Иногда Ивану Ивановичу нездоровилось: после сна он чувствовал пугающую слабость в ногах, тупой тяжестью сковывало затылок, в груди разливался неприятный горячечный жар. В такие дни он не выходил по утрам из своей комнаты, подолгу лежал в постели, с печальной растерянностью и любовью поглядывал на висевший над письменным столом портрет сына. Катя сильно пугалась, что Иван Иванович ни единым звуком не давал о себе знать, и, собираясь на работу, на цыпочках подходила к его двери, напряженно прислушивалась.

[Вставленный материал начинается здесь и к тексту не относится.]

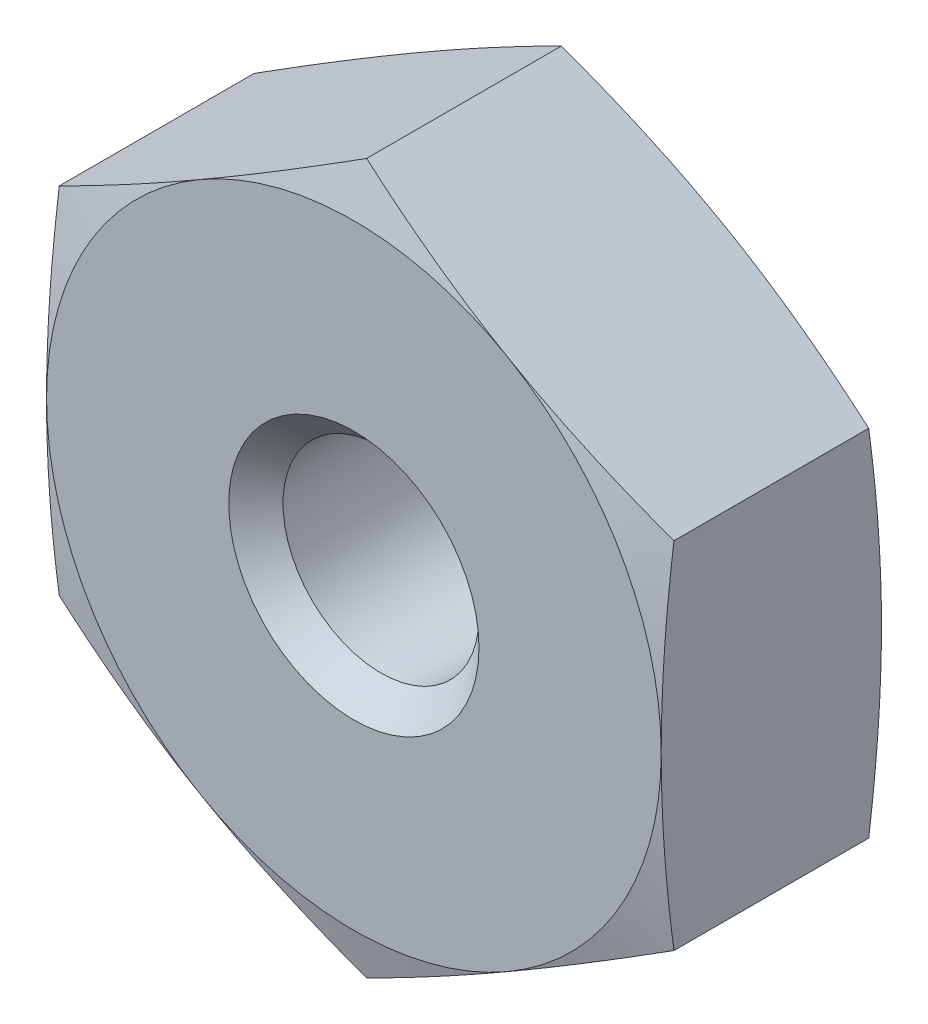
ISO-10303-21;
HEADER;
FILE_DESCRIPTION(('STEP AP214'),'2;1');
FILE_NAME('part.step','',(''),(''),'','','');
FILE_SCHEMA(('AUTOMOTIVE_DESIGN { 1 0 10303 214 1 1 1 1 }'));
ENDSEC;
DATA;
#1=APPLICATION_CONTEXT('core data for automotive mechanical design processes');
#2=APPLICATION_PROTOCOL_DEFINITION('international standard','automotive_design',2000,#1);
#3=PRODUCT_CONTEXT('',#1,'mechanical');
#4=PRODUCT('Part','Part','',(#3));
#5=PRODUCT_RELATED_PRODUCT_CATEGORY('part','',(#4));
#6=PRODUCT_DEFINITION_FORMATION('','',#4);
#7=PRODUCT_DEFINITION_CONTEXT('part definition',#1,'design');
#8=PRODUCT_DEFINITION('design','',#6,#7);
#9=PRODUCT_DEFINITION_SHAPE('','',#8);
#10=(LENGTH_UNIT() NAMED_UNIT(*) SI_UNIT(.MILLI.,.METRE.));
#11=(NAMED_UNIT(*) PLANE_ANGLE_UNIT() SI_UNIT($,.RADIAN.));
#12=(NAMED_UNIT(*) SI_UNIT($,.STERADIAN.) SOLID_ANGLE_UNIT());
#13=UNCERTAINTY_MEASURE_WITH_UNIT(LENGTH_MEASURE(1.E-05),#10,'distance_accuracy_value','');
#14=(GEOMETRIC_REPRESENTATION_CONTEXT(3) GLOBAL_UNCERTAINTY_ASSIGNED_CONTEXT((#13)) GLOBAL_UNIT_ASSIGNED_CONTEXT((#10,
#11,#12)) REPRESENTATION_CONTEXT('',''));
#15=CARTESIAN_POINT('',(0.,0.,0.));
#16=DIRECTION('',(0.,0.,1.));
#17=DIRECTION('',(1.,0.,0.));
#18=AXIS2_PLACEMENT_3D('',#15,#16,#17);
#19=CARTESIAN_POINT('',(0.,0.,-0.20894142127394));
#20=DIRECTION('',(0.,0.,-1.));
#21=DIRECTION('',(-1.,0.,0.));
#22=AXIS2_PLACEMENT_3D('',#19,#20,#21);
#23=CONICAL_SURFACE('',#22,4.67868,1.30899693899575);
#24=CARTESIAN_POINT('',(-3.8989,-5.9548079405875,-0.862465553282266));
#25=CARTESIAN_POINT('',(-3.8989,-5.77792600491228,-0.822824099629141));
#26=CARTESIAN_POINT('',(-3.8989,-5.60093350652601,-0.783667498236566));
#27=CARTESIAN_POINT('',(-3.8989,-5.24667290771525,-0.706585620527994));
#28=CARTESIAN_POINT('',(-3.8989,-5.06940479573332,-0.668660397391602));
#29=CARTESIAN_POINT('',(-3.8989,-4.71437969749929,-0.5942698928927));
#30=CARTESIAN_POINT('',(-3.8989,-4.53662240226472,-0.557806080151677));
#31=CARTESIAN_POINT('',(-3.8989,-4.18073839897813,-0.486732341183902));
#32=CARTESIAN_POINT('',(-3.8989,-4.00261169405706,-0.452122399310763));
#33=CARTESIAN_POINT('',(-3.8989,-3.64734641030079,-0.385463921286479));
#34=CARTESIAN_POINT('',(-3.8989,-3.4702112884247,-0.353397150148273));
#35=CARTESIAN_POINT('',(-3.8989,-3.11545778337327,-0.292065621097836));
#36=CARTESIAN_POINT('',(-3.8989,-2.93783938909587,-0.262800928125383));
#37=CARTESIAN_POINT('',(-3.8989,-2.40420723107434,-0.180179500201143));
#38=CARTESIAN_POINT('',(-3.8989,-2.047340277104,-0.131980573461395));
#39=CARTESIAN_POINT('',(-3.8989,-1.50838499405898,-0.0745760228997368));
#40=CARTESIAN_POINT('',(-3.8989,-1.32709298252784,-0.05787233987332));
#41=CARTESIAN_POINT('',(-3.8989,-0.964050241268872,-0.0304501651045569));
#42=CARTESIAN_POINT('',(-3.8989,-0.782299522157097,-0.0197315361006837));
#43=CARTESIAN_POINT('',(-3.8989,-0.41860673891543,-0.00490139258269939));
#44=CARTESIAN_POINT('',(-3.8989,-0.236664799393534,-0.000786875547373777));
#45=CARTESIAN_POINT('',(-3.8989,0.127245448041814,0.00058118361415337));
#46=CARTESIAN_POINT('',(-3.8989,0.309213755932402,-0.00216526834534959));
#47=CARTESIAN_POINT('',(-3.8989,0.673582988852978,-0.0143643578927159));
#48=CARTESIAN_POINT('',(-3.8989,0.855983082227824,-0.0238413349009447));
#49=CARTESIAN_POINT('',(-3.8989,1.22035421402287,-0.048960977960995));
#50=CARTESIAN_POINT('',(-3.8989,1.4023252428543,-0.064603780517835));
#51=CARTESIAN_POINT('',(-3.8989,1.76583720552235,-0.10126338842242));
#52=CARTESIAN_POINT('',(-3.8989,1.94737778034547,-0.12228370087159));
#53=CARTESIAN_POINT('',(-3.8989,2.30987318583118,-0.168829285549951));
#54=CARTESIAN_POINT('',(-3.8989,2.49082801465294,-0.194354571923017));
#55=CARTESIAN_POINT('',(-3.8989,3.00891943620135,-0.272807397929878));
#56=CARTESIAN_POINT('',(-3.8989,3.3453618661737,-0.330296840784391));
#57=CARTESIAN_POINT('',(-3.8989,4.01667989159865,-0.453790674298086));
#58=CARTESIAN_POINT('',(-3.8989,4.35155528278298,-0.519796144676224));
#59=CARTESIAN_POINT('',(-3.8989,5.02020416752271,-0.657523956803265));
#60=CARTESIAN_POINT('',(-3.8989,5.35397737384171,-0.729247682511173));
#61=CARTESIAN_POINT('',(-3.8989,6.02063682300936,-0.876585120595329));
#62=CARTESIAN_POINT('',(-3.8989,6.3535231165463,-0.952198605423072));
#63=CARTESIAN_POINT('',(-3.8989,7.01539261583675,-1.10540272548398));
#64=CARTESIAN_POINT('',(-3.8989,7.34438203181932,-1.18296663109669));
#65=CARTESIAN_POINT('',(-3.8989,8.00190194134183,-1.34003678660127));
#66=CARTESIAN_POINT('',(-3.8989,8.33043242640582,-1.41954307187825));
#67=CARTESIAN_POINT('',(-3.8989,8.98673694432565,-1.57989128294628));
#68=CARTESIAN_POINT('',(-3.8989,9.31451141037006,-1.6607314394407));
#69=CARTESIAN_POINT('',(-3.8989,9.96977483056025,-1.8235156062367));
#70=CARTESIAN_POINT('',(-3.8989,10.2972637937712,-1.90545958002187));
#71=CARTESIAN_POINT('',(-3.8989,10.6246532556475,-1.9877945230637));
#72=B_SPLINE_CURVE_WITH_KNOTS('',3,(#24,#25,#26,#27,#28,#29,#30,#31,#32,#33,#34,#35,#36,#37,#38,
#39,#40,#41,#42,#43,#44,#45,#46,#47,#48,#49,#50,#51,#52,#53,#54,#55,#56,#57,#58,#59,#60,#61,#62,
#63,#64,#65,#66,#67,#68,#69,#70,#71),.UNSPECIFIED.,.F.,.F.,(4,2,2,2,2,2,2,2,2,2,2,2,2,2,2,2,2,2,
2,2,2,2,2,4),(0.,0.543810826349206,1.08764510713402,1.63201286129449,2.17637602034992,
2.71639544743263,3.25642738674969,4.33625842182112,4.88235809136342,5.42844523611426,
5.97428403511417,6.52012236359004,7.0679447103113,7.6157791859356,8.16397186285628,
8.71216626092067,9.73593026310578,10.7598241927296,11.7839666866571,12.8080493368611,
13.8220688666467,14.8361068830233,15.8488935449974,16.8616467839258),.UNSPECIFIED.);
#73=CARTESIAN_POINT('',(-3.8989,-2.2510309645434,-0.161616751804018));
#74=VERTEX_POINT('',#73);
#75=CARTESIAN_POINT('',(-3.8989,0.,0.));
#76=VERTEX_POINT('',#75);
#77=EDGE_CURVE('E280',#74,#76,#72,.T.);
#78=ORIENTED_EDGE('',*,*,#77,.F.);
#79=CARTESIAN_POINT('',(0.000199999999999892,-4.50217739914074,-0.161647693102017));
#80=CARTESIAN_POINT('',(-0.161728081994073,-4.4086881774121,-0.136585929385571));
#81=CARTESIAN_POINT('',(-0.32394977237084,-4.31502944080467,-0.113833920488066));
#82=CARTESIAN_POINT('',(-0.648966092956606,-4.12738118062345,-0.0738606985096147));
#83=CARTESIAN_POINT('',(-0.811760928848432,-4.03339153829862,-0.0566417322831541));
#84=CARTESIAN_POINT('',(-1.13693644035193,-3.8456513691982,-0.0287398953954865));
#85=CARTESIAN_POINT('',(-1.2993149167801,-3.75190211212179,-0.0180237482063771));
#86=CARTESIAN_POINT('',(-1.62427895958489,-3.56428403453149,-0.00365448388290617));
#87=CARTESIAN_POINT('',(-1.78686447979244,-3.47041524067332,0.));
#88=CARTESIAN_POINT('',(-2.11203552020756,-3.28267765295698,0.));
#89=CARTESIAN_POINT('',(-2.27462104041511,-3.18880885909881,-0.00365448388290363));
#90=CARTESIAN_POINT('',(-2.5995850832199,-3.00119078150851,-0.0180237482063718));
#91=CARTESIAN_POINT('',(-2.76196355964807,-2.9074415244321,-0.0287398953954798));
#92=CARTESIAN_POINT('',(-3.08713907115157,-2.71970135533168,-0.0566417322831451));
#93=CARTESIAN_POINT('',(-3.24993390704339,-2.62571171300685,-0.0738606985096048));
#94=CARTESIAN_POINT('',(-3.57495022762916,-2.43806345282563,-0.113833920488055));
#95=CARTESIAN_POINT('',(-3.73717191800593,-2.3444047162182,-0.136585929385558));
#96=CARTESIAN_POINT('',(-3.8991,-2.25091549448956,-0.161647693102003));
#97=B_SPLINE_CURVE_WITH_KNOTS('',3,(#79,#80,#81,#82,#83,#84,#85,#86,#87,#88,#89,#90,#91,#92,#93,
#94,#95,#96),.UNSPECIFIED.,.F.,.F.,(4,2,2,2,2,2,2,2,4),(0.,0.56598131094294,1.13219216562238,
1.6954805939894,2.25865998985973,2.82183938573005,3.38512781409707,3.95133866877651,
4.51731997971945),.UNSPECIFIED.);
#98=CARTESIAN_POINT('',(-1.94945000000005,-3.37654644681512,0.));
#99=VERTEX_POINT('',#98);
#100=EDGE_CURVE('E156',#99,#74,#97,.T.);
#101=ORIENTED_EDGE('',*,*,#100,.F.);
#102=CARTESIAN_POINT('',(0.,0.,0.));
#103=DIRECTION('',(0.,0.,1.));
#104=DIRECTION('',(1.,0.,0.));
#105=AXIS2_PLACEMENT_3D('',#102,#103,#104);
#106=CIRCLE('',#105,3.8989);
#107=EDGE_CURVE('E260',#76,#99,#106,.T.);
#108=ORIENTED_EDGE('',*,*,#107,.F.);
#109=EDGE_LOOP('',(#78,#101,#108));
#110=FACE_BOUND('',#109,.T.);
#111=ADVANCED_FACE('F37',(#110),#23,.T.);
#112=CARTESIAN_POINT('',(-3.8989,2.2510309645434,-0.161616751804018));
#113=VERTEX_POINT('',#112);
#114=EDGE_CURVE('E277',#76,#113,#72,.T.);
#115=ORIENTED_EDGE('',*,*,#114,.F.);
#116=CARTESIAN_POINT('',(-1.94945000000005,3.37654644681512,0.));
#117=VERTEX_POINT('',#116);
#118=EDGE_CURVE('E261',#117,#76,#106,.T.);
#119=ORIENTED_EDGE('',*,*,#118,.F.);
#120=CARTESIAN_POINT('',(-3.8991,2.25091549448956,-0.161647693102003));
#121=CARTESIAN_POINT('',(-3.73717191800593,2.3444047162182,-0.136585929385558));
#122=CARTESIAN_POINT('',(-3.57495022762916,2.43806345282563,-0.113833920488055));
#123=CARTESIAN_POINT('',(-3.24993390704339,2.62571171300685,-0.0738606985096049));
#124=CARTESIAN_POINT('',(-3.08713907115157,2.71970135533168,-0.0566417322831452));
#125=CARTESIAN_POINT('',(-2.76196355964807,2.9074415244321,-0.0287398953954801));
#126=CARTESIAN_POINT('',(-2.5995850832199,3.00119078150851,-0.0180237482063721));
#127=CARTESIAN_POINT('',(-2.27462104041511,3.18880885909881,-0.00365448388290389));
#128=CARTESIAN_POINT('',(-2.11203552020756,3.28267765295698,0.));
#129=CARTESIAN_POINT('',(-1.78686447979244,3.47041524067332,0.));
#130=CARTESIAN_POINT('',(-1.62427895958489,3.56428403453149,-0.00365448388290644));
#131=CARTESIAN_POINT('',(-1.2993149167801,3.75190211212179,-0.0180237482063773));
#132=CARTESIAN_POINT('',(-1.13693644035193,3.8456513691982,-0.0287398953954866));
#133=CARTESIAN_POINT('',(-0.811760928848433,4.03339153829862,-0.0566417322831541));
#134=CARTESIAN_POINT('',(-0.648966092956607,4.12738118062345,-0.0738606985096148));
#135=CARTESIAN_POINT('',(-0.323949772370841,4.31502944080467,-0.113833920488067));
#136=CARTESIAN_POINT('',(-0.161728081994074,4.4086881774121,-0.136585929385571));
#137=CARTESIAN_POINT('',(0.000199999999999698,4.50217739914074,-0.161647693102017));
#138=B_SPLINE_CURVE_WITH_KNOTS('',3,(#120,#121,#122,#123,#124,#125,#126,#127,#128,#129,#130,
#131,#132,#133,#134,#135,#136,#137),.UNSPECIFIED.,.F.,.F.,(4,2,2,2,2,2,2,2,4),(0.,
0.56598131094294,1.13219216562238,1.6954805939894,2.25865998985973,2.82183938573005,
3.38512781409707,3.95133866877651,4.51731997971945),.UNSPECIFIED.);
#139=EDGE_CURVE('E272',#113,#117,#138,.T.);
#140=ORIENTED_EDGE('',*,*,#139,.F.);
#141=EDGE_LOOP('',(#115,#119,#140));
#142=FACE_BOUND('',#141,.T.);
#143=ADVANCED_FACE('F226',(#142),#23,.T.);
#144=CARTESIAN_POINT('',(0.,4.5020619290869,-0.161616751804032));
#145=VERTEX_POINT('',#144);
#146=EDGE_CURVE('E269',#117,#145,#138,.T.);
#147=ORIENTED_EDGE('',*,*,#146,.F.);
#148=CARTESIAN_POINT('',(1.94945000000004,3.37654644681512,0.));
#149=VERTEX_POINT('',#148);
#150=EDGE_CURVE('E45',#149,#117,#106,.T.);
#151=ORIENTED_EDGE('',*,*,#150,.F.);
#152=CARTESIAN_POINT('',(-0.000199999999999892,4.50217739914074,-0.161647693102017));
#153=CARTESIAN_POINT('',(0.161728081994073,4.4086881774121,-0.136585929385571));
#154=CARTESIAN_POINT('',(0.32394977237084,4.31502944080467,-0.113833920488066));
#155=CARTESIAN_POINT('',(0.648966092956606,4.12738118062345,-0.0738606985096147));
#156=CARTESIAN_POINT('',(0.811760928848432,4.03339153829862,-0.0566417322831541));
#157=CARTESIAN_POINT('',(1.13693644035193,3.8456513691982,-0.0287398953954865));
#158=CARTESIAN_POINT('',(1.2993149167801,3.75190211212179,-0.0180237482063771));
#159=CARTESIAN_POINT('',(1.62427895958489,3.56428403453149,-0.00365448388290617));
#160=CARTESIAN_POINT('',(1.78686447979244,3.47041524067332,0.));
#161=CARTESIAN_POINT('',(2.11203552020756,3.28267765295698,0.));
#162=CARTESIAN_POINT('',(2.27462104041511,3.18880885909881,-0.00365448388290363));
#163=CARTESIAN_POINT('',(2.5995850832199,3.00119078150851,-0.0180237482063718));
#164=CARTESIAN_POINT('',(2.76196355964807,2.9074415244321,-0.0287398953954798));
#165=CARTESIAN_POINT('',(3.08713907115157,2.71970135533168,-0.0566417322831451));
#166=CARTESIAN_POINT('',(3.24993390704339,2.62571171300685,-0.0738606985096048));
#167=CARTESIAN_POINT('',(3.57495022762916,2.43806345282563,-0.113833920488055));
#168=CARTESIAN_POINT('',(3.73717191800593,2.3444047162182,-0.136585929385558));
#169=CARTESIAN_POINT('',(3.8991,2.25091549448956,-0.161647693102003));
#170=B_SPLINE_CURVE_WITH_KNOTS('',3,(#152,#153,#154,#155,#156,#157,#158,#159,#160,#161,#162,
#163,#164,#165,#166,#167,#168,#169),.UNSPECIFIED.,.F.,.F.,(4,2,2,2,2,2,2,2,4),(0.,
0.56598131094294,1.13219216562238,1.6954805939894,2.25865998985973,2.82183938573005,
3.38512781409707,3.95133866877651,4.51731997971945),.UNSPECIFIED.);
#171=EDGE_CURVE('E268',#145,#149,#170,.T.);
#172=ORIENTED_EDGE('',*,*,#171,.F.);
#173=EDGE_LOOP('',(#147,#151,#172));
#174=FACE_BOUND('',#173,.T.);
#175=ADVANCED_FACE('F232',(#174),#23,.T.);
#176=CARTESIAN_POINT('',(3.8989,2.2510309645434,-0.161616751804018));
#177=VERTEX_POINT('',#176);
#178=EDGE_CURVE('E330',#149,#177,#170,.T.);
#179=ORIENTED_EDGE('',*,*,#178,.F.);
#180=CARTESIAN_POINT('',(3.8989,0.,0.));
#181=VERTEX_POINT('',#180);
#182=EDGE_CURVE('E11',#181,#149,#106,.T.);
#183=ORIENTED_EDGE('',*,*,#182,.F.);
#184=CARTESIAN_POINT('',(3.8989,-5.9548079405875,-0.862465553282266));
#185=CARTESIAN_POINT('',(3.8989,-5.77792600491228,-0.822824099629141));
#186=CARTESIAN_POINT('',(3.8989,-5.60093350652601,-0.783667498236566));
#187=CARTESIAN_POINT('',(3.8989,-5.24667290771525,-0.706585620527994));
#188=CARTESIAN_POINT('',(3.8989,-5.06940479573332,-0.668660397391602));
#189=CARTESIAN_POINT('',(3.8989,-4.71437969749929,-0.5942698928927));
#190=CARTESIAN_POINT('',(3.8989,-4.53662240226472,-0.557806080151677));
#191=CARTESIAN_POINT('',(3.8989,-4.18073839897813,-0.486732341183902));
#192=CARTESIAN_POINT('',(3.8989,-4.00261169405706,-0.452122399310763));
#193=CARTESIAN_POINT('',(3.8989,-3.64734641030079,-0.385463921286479));
#194=CARTESIAN_POINT('',(3.8989,-3.4702112884247,-0.353397150148273));
#195=CARTESIAN_POINT('',(3.8989,-3.11545778337327,-0.292065621097836));
#196=CARTESIAN_POINT('',(3.8989,-2.93783938909587,-0.262800928125383));
#197=CARTESIAN_POINT('',(3.8989,-2.40420723107434,-0.180179500201143));
#198=CARTESIAN_POINT('',(3.8989,-2.047340277104,-0.131980573461395));
#199=CARTESIAN_POINT('',(3.8989,-1.50838499405898,-0.0745760228997368));
#200=CARTESIAN_POINT('',(3.8989,-1.32709298252784,-0.05787233987332));
#201=CARTESIAN_POINT('',(3.8989,-0.964050241268872,-0.0304501651045569));
#202=CARTESIAN_POINT('',(3.8989,-0.782299522157097,-0.0197315361006837));
#203=CARTESIAN_POINT('',(3.8989,-0.41860673891543,-0.00490139258269939));
#204=CARTESIAN_POINT('',(3.8989,-0.236664799393534,-0.000786875547373777));
#205=CARTESIAN_POINT('',(3.8989,0.127245448041814,0.00058118361415337));
#206=CARTESIAN_POINT('',(3.8989,0.309213755932402,-0.00216526834534959));
#207=CARTESIAN_POINT('',(3.8989,0.673582988852978,-0.0143643578927159));
#208=CARTESIAN_POINT('',(3.8989,0.855983082227824,-0.0238413349009447));
#209=CARTESIAN_POINT('',(3.8989,1.22035421402287,-0.048960977960995));
#210=CARTESIAN_POINT('',(3.8989,1.4023252428543,-0.064603780517835));
#211=CARTESIAN_POINT('',(3.8989,1.76583720552235,-0.10126338842242));
#212=CARTESIAN_POINT('',(3.8989,1.94737778034547,-0.12228370087159));
#213=CARTESIAN_POINT('',(3.8989,2.30987318583118,-0.168829285549951));
#214=CARTESIAN_POINT('',(3.8989,2.49082801465294,-0.194354571923017));
#215=CARTESIAN_POINT('',(3.8989,3.00891943620135,-0.272807397929878));
#216=CARTESIAN_POINT('',(3.8989,3.3453618661737,-0.330296840784391));
#217=CARTESIAN_POINT('',(3.8989,4.01667989159865,-0.453790674298086));
#218=CARTESIAN_POINT('',(3.8989,4.35155528278298,-0.519796144676224));
#219=CARTESIAN_POINT('',(3.8989,5.02020416752271,-0.657523956803265));
#220=CARTESIAN_POINT('',(3.8989,5.35397737384171,-0.729247682511173));
#221=CARTESIAN_POINT('',(3.8989,6.02063682300936,-0.876585120595329));
#222=CARTESIAN_POINT('',(3.8989,6.3535231165463,-0.952198605423072));
#223=CARTESIAN_POINT('',(3.8989,7.01539261583675,-1.10540272548398));
#224=CARTESIAN_POINT('',(3.8989,7.34438203181932,-1.18296663109669));
#225=CARTESIAN_POINT('',(3.8989,8.00190194134183,-1.34003678660127));
#226=CARTESIAN_POINT('',(3.8989,8.33043242640582,-1.41954307187825));
#227=CARTESIAN_POINT('',(3.8989,8.98673694432565,-1.57989128294628));
#228=CARTESIAN_POINT('',(3.8989,9.31451141037006,-1.6607314394407));
#229=CARTESIAN_POINT('',(3.8989,9.96977483056025,-1.8235156062367));
#230=CARTESIAN_POINT('',(3.8989,10.2972637937712,-1.90545958002187));
#231=CARTESIAN_POINT('',(3.8989,10.6246532556475,-1.9877945230637));
#232=B_SPLINE_CURVE_WITH_KNOTS('',3,(#184,#185,#186,#187,#188,#189,#190,#191,#192,#193,#194,
#195,#196,#197,#198,#199,#200,#201,#202,#203,#204,#205,#206,#207,#208,#209,#210,#211,#212,#213,
#214,#215,#216,#217,#218,#219,#220,#221,#222,#223,#224,#225,#226,#227,#228,#229,#230,#231),
.UNSPECIFIED.,.F.,.F.,(4,2,2,2,2,2,2,2,2,2,2,2,2,2,2,2,2,2,2,2,2,2,2,4),(0.,0.543810826349206,
1.08764510713402,1.63201286129449,2.17637602034992,2.71639544743263,3.25642738674969,
4.33625842182112,4.88235809136342,5.42844523611426,5.97428403511417,6.52012236359004,
7.0679447103113,7.6157791859356,8.16397186285628,8.71216626092067,9.73593026310578,
10.7598241927296,11.7839666866571,12.8080493368611,13.8220688666467,14.8361068830233,
15.8488935449974,16.8616467839258),.UNSPECIFIED.);
#233=EDGE_CURVE('E328',#177,#181,#232,.F.);
#234=ORIENTED_EDGE('',*,*,#233,.F.);
#235=EDGE_LOOP('',(#179,#183,#234));
#236=FACE_BOUND('',#235,.T.);
#237=ADVANCED_FACE('F244',(#236),#23,.T.);
#238=CARTESIAN_POINT('',(3.8989,-2.2510309645434,-0.161616751804018));
#239=VERTEX_POINT('',#238);
#240=EDGE_CURVE('E254',#181,#239,#232,.F.);
#241=ORIENTED_EDGE('',*,*,#240,.F.);
#242=CARTESIAN_POINT('',(1.94945000000005,-3.37654644681512,0.));
#243=VERTEX_POINT('',#242);
#244=EDGE_CURVE('E46',#243,#181,#106,.T.);
#245=ORIENTED_EDGE('',*,*,#244,.F.);
#246=CARTESIAN_POINT('',(3.8991,-2.25091549448956,-0.161647693102003));
#247=CARTESIAN_POINT('',(3.73717191800593,-2.3444047162182,-0.136585929385558));
#248=CARTESIAN_POINT('',(3.57495022762916,-2.43806345282563,-0.113833920488055));
#249=CARTESIAN_POINT('',(3.24993390704339,-2.62571171300685,-0.0738606985096049));
#250=CARTESIAN_POINT('',(3.08713907115157,-2.71970135533168,-0.0566417322831452));
#251=CARTESIAN_POINT('',(2.76196355964807,-2.9074415244321,-0.0287398953954801));
#252=CARTESIAN_POINT('',(2.5995850832199,-3.00119078150851,-0.0180237482063721));
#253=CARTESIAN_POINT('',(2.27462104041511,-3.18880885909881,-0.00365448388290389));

Но потом он медленно поправлялся и опять тихо сидел на кухне. Его угнетали лишние звуки, любой шум, и Катя перестала крутить пластинки, не включала радио к телевизор. Но чтобы хоть как-то вывести его из этой отрешенности, она ему что-нибудь рассказывала. Он слушал ее не пристально, рассеянно и, видимо, думал о чем-то своем. Она не раз звала его в музей, в театр, в Останкинский парк кататься на лодке, удить рыбу в прудах Выставки, но он всегда молча мотал головой, не соглашался. А недавно она ему рассказала, что была в ресторане «Седьмое небо» и видела оттуда всю Москву – и Кремль, и Ленинские горы, и Черемушки, и их одноэтажный деревянный дом. Вернее, сам дом закрыт зеленью, а видна только крыша, с телебашни она кажется плоской и маленькой, похожа на красный платок, брошенный на кусты. Слушая ее, Иван Иванович и на этот раз, оказывается, думал о своем и неожиданно сказал:

– Если человек уже ничего не может сделать для других, он должен умирать.

Эти слова потрясли Катю, она вдруг увидела, сколь бесполезны все ее старания, разом поняла свою беспомощность. И, может быть, с отчаяния в ее голове тогда забилась эта наивно-дерзкая мысль, и Катя почти сквозь слезы выкрикнула:

– Нет, вы можете!.. Можете!.. Можете!.. Вы были боксером-разрядником и можете… научить меня боксу…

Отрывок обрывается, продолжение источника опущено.